Friday, October 8, 2010

Changing Seasons

This year is bringing a lot of changes, changes that have already occurred and those still to come. It seems as autumn approaches, reflection has tapped softly on my shoulder. I am waking now to realize how blessed my little family really is.
My sister and her husband are expecting their first child at the end of the year. I have worried over her approaching experiences, possibly because that's what I do well, but most likely, simply because I'm her sister. I want the best for them, the easiest most wonderful transition into their new adventure; and I know this will happen, with or without my worry so I have settled to just be content with my excitement. I can't wait to hear all of her stories, her experiences, and that sound of love in her voice that only a parent can relay while talking of their child. How wonderful her adventure will be.
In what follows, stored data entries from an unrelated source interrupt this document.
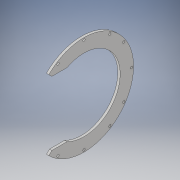
# Autodesk Inventor part: BearingGuard2
Saved by Autodesk Inventor 2018 (Build 220112000, 112)
## iProperties
Created: 2019-02-07
Part Number: BearingGuard2
Material: Generic
Document SubType Name: Modeling
Designer: anirudh
Density: 1 g/cm^3
Appearance: Default
Author: anirudh
Autodesk Inventor part; units mm, degrees
ref_plane "YZ Plane" through (0, 0, 0) normal (1, 0, 0) x (0, 1, 0)
ref_plane "XZ Plane" through (0, 0, 0) normal (0, 1, 0) x (-1, 0, 0)
ref_plane "XY Plane" through (0, 0, 0) normal (0, 0, 1) x (1, 0, 0)
sketch "Sketch5" plane through (0, 0, 0) normal (1, 0, 0) x (0, 1, 0)
  line L0 (-162.5323, -0.9432) -> (-162.5323, -0.9432)
  arc A0 (-167.2919, -5.7027) -> (-55.9367, -5.7027) centre (-111.6143, 49.9749) ccw
  arc A1 (-167.2919, -5.7027) -> (-55.9367, -5.7027) centre (-111.6143, 49.9749) ccw
  circle A2 centre (-70.4577, -13.1714) radius 1.85
  circle A3 centre (-70.4577, -13.1714) radius 1.85
  circle A4 centre (-111.6143, -25.3996) radius 1.85
  circle A5 centre (-111.6143, -25.3996) radius 1.85
  arc A6 (-154.2443, -12.0527) -> (-151.2974, -12.0527) centre (-152.7709, -13.1714) ccw
  circle A7 centre (-152.7709, -13.1714) radius 1.85
  line L1 (-60.6962, 100.8929) -> (-55.9367, 105.6525)
  arc A8 (-55.9367, -5.7027) -> (-55.9367, 105.6525) centre (-111.6143, 49.9749) ccw
  circle A9 centre (-48.468, 91.1314) radius 1.85
  circle A10 centre (-48.468, 91.1314) radius 1.85
  circle A11 centre (-36.2398, 49.9749) radius 1.85
  arc A12 (-49.5867, 7.3449) -> (-49.5867, 10.2918) centre (-48.468, 8.8183) ccw
  circle A13 centre (-48.468, 8.8183) radius 1.85
  line L2 (-162.5323, 100.8929) -> (-162.5323, 100.8929)
  line L3 (-167.2919, 105.6525) -> (-162.5323, 100.8929)
  line L4 (-162.5323, 100.8929) -> (-167.2919, 105.6525)
  line L5 (-162.5323, 76.7356) -> (-162.5323, 100.8929)
  arc A14 (-167.2919, 105.6525) -> (-167.2919, -5.7027) centre (-111.6143, 49.9749) ccw
  arc A15 (-167.2919, 105.6525) -> (-167.2919, -5.7027) centre (-111.6143, 49.9749) ccw
  circle A16 centre (-174.7606, 8.8183) radius 1.85
  circle A17 centre (-174.7606, 8.8183) radius 1.85
  circle A18 centre (-186.9888, 49.9749) radius 1.85
  circle A19 centre (-186.9888, 49.9749) radius 1.85
  arc A20 (-173.6419, 92.6049) -> (-173.6419, 89.658) centre (-174.7606, 91.1314) ccw
  circle A21 centre (-174.7606, 91.1314) radius 1.85
  arc A22 (-162.5323, 76.7356) -> (-60.6962, 76.7356) centre (-111.6143, 49.9749) ccw
  line L6 (-60.6962, 100.8929) -> (-60.6962, 76.7356)
  line L7 (-55.9367, 105.6525) -> (-60.6962, 100.8929)
  line L8 (-60.6962, 100.8929) -> (-60.6962, 76.7356)
  line L9 (-167.2919, 105.6525) -> (-162.5323, 100.8929)
  line L10 (-162.5323, 100.8929) -> (-162.5323, 76.7356)
  arc A23 (-167.2919, 105.6525) -> (-55.9367, 105.6525) centre (-111.6143, 49.9749) ccw
  arc A24 (-162.5323, 76.7356) -> (-60.6962, 76.7356) centre (-111.6143, 49.9749) ccw
  point P0 (0, 0)
  constraints: 25 centre point, 22 end point, 22 point on circle, 9 coincident, 5 collinear, 2 concentric
extrude "Extrusion5" add sketch "Sketch5" along normal blind 3.81
body "Solid2"

Our children have started school and are doing well. My daughter told me the other night at bedtime that she loved me, "but mommy", she said "I have a friend beside you, and she likes to play babies with me too". I am so proud. Isn't that what we all ultimately want? To see our children experience acceptance and love in their relationships.
I have all but quit my job at the hospital, working the bare minimum to keep my employment so that I can stay home with the children and be involved in their lives, their cooperative preschool, and their growth and transitions. It was a difficult change at first. Somehow I believed that staying home and not working as much decreased my social value, I now understand the truth in that there could be no greater value than the influence you have on a child and their experiences.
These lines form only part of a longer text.